Aus der API von java.lang.Process:



> All its standard io (i.e. stdin, stdout, stderr) operations will be redirected to the parent process through three streams (getOutputStream(), getInputStream(), getErrorStream()). The parent process uses these streams to feed input to and get output from the subprocess



In J startest du über ProcessBuilder.start() den Process, dann holst du dir von J aus den Input- und Outputstream von P. Diese Streams sind dann deine Umleitungen.


----------



## Patrick_G (20. Jul 2006)

Kola hat gesagt.:
			
		

> Aus der API von java.lang.Process:
> 
> 
> In J startest du über ProcessBuilder.start() den Process, dann holst du dir von J aus den Input- und Outputstream von P. Diese Streams sind dann deine Umleitungen.



Danke, ich werde das mal versuchen und mich wieder melden.

Patrick


----------



## Corran (25. Sep 2007)

ah gut das hier trift so in etwa mein problem, hab naemlich was aenliches vor. ich hab es genauso gemacht wie der kollege vor mir, allerdings hab ich das problem, das die sache mit dem stdin nicht so recht will. hier waere das problematische codesegment, allerdings nur vereinfacht nachempfunden, geht ja nur um das prinzipielle problem.

code:

import java.io.*;

public class Test
{
	public static void main(String[] sArgs) throws Exception
	{
		Process process = (Runtime.getRuntime()).exec("xterm");	//linux
//		Process process = (Runtime.getRuntime()).exec("cmd");	//windows

		BufferedReader reader = new BufferedReader(new InputStreamReader(process.getInputStream()));
		PrintStream printer = new PrintStream(process.getOutputStream());

		String str = "ping web.de";	//linux
//		String str = "ping web.de -t"; //windows

		printer.println(str);

		while(true)
		{
			str = reader.readLine();
			System.out.println(str);
		}
	}
}

so und das muesste eigentlich (sofern ich das aus der api alles rchtig verstanden hab) auf der console die ausgabe vom ping befehl geben.
leider klapts aber nicht, da nach meinem wissensstand ind dieser zeile: "printer.println(str);" der befehl nicht and die stdin des prozesses weiter gegeben wird. waarum? keine ahnung ^_^'
ich habs auch mit anderen classen als dem PrintStream versucht, nix hat bisher geklapt. bis etwas rat los und fuer jeden hinweis dankbar.

thx @ all


----------



## Murray (25. Sep 2007)

Probier mal printer.flush(); nach dem println.

Das Beispiel mit ping ist jetzt wirklich nur ein vereinfachtes Beispiel, oder?

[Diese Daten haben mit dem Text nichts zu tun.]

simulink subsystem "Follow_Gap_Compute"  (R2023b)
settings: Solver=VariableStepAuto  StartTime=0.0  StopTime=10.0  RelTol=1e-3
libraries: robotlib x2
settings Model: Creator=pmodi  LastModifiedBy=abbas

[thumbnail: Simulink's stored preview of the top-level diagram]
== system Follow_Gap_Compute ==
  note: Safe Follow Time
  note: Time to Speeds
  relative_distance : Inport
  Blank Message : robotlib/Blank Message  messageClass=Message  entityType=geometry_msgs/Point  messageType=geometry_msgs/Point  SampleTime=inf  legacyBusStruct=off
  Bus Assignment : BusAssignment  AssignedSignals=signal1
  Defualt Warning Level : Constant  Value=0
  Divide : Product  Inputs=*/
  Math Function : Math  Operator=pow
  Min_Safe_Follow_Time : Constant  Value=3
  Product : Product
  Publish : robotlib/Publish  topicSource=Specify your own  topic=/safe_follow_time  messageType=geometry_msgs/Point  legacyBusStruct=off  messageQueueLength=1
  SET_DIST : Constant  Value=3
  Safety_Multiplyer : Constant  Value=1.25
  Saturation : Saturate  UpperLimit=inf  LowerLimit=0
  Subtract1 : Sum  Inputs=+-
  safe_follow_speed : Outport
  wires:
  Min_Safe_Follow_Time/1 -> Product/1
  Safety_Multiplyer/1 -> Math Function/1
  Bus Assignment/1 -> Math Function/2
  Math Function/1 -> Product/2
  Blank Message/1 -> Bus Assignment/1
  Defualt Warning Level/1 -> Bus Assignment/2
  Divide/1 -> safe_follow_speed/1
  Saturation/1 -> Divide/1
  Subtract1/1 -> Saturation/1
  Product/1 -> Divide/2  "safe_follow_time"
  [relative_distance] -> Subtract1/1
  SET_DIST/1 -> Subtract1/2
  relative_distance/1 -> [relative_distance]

Ansonsten könntest du ping ja auch direkt ausführen (ohne Umweg über den Shell-Prozess).


----------



## Corran (25. Sep 2007)

das printer.flush(); hat leider nix gebracht, trotzdem danke Murray.
ja das is wirklich nurn vereinfachtes beispiel ^_^
aber prinzipiel muesste doch das alles so laufen oder?


----------



## Murray (25. Sep 2007)

Vermutlich verhindert das blockierende Lesen des Input-Streams, dass die Ausgabe korrekt verarbeitet werden kann. Lagert man das Lesen in einen Thread aus, sollte es klappen (zumindest funktioniert es so bei mir unter Windows)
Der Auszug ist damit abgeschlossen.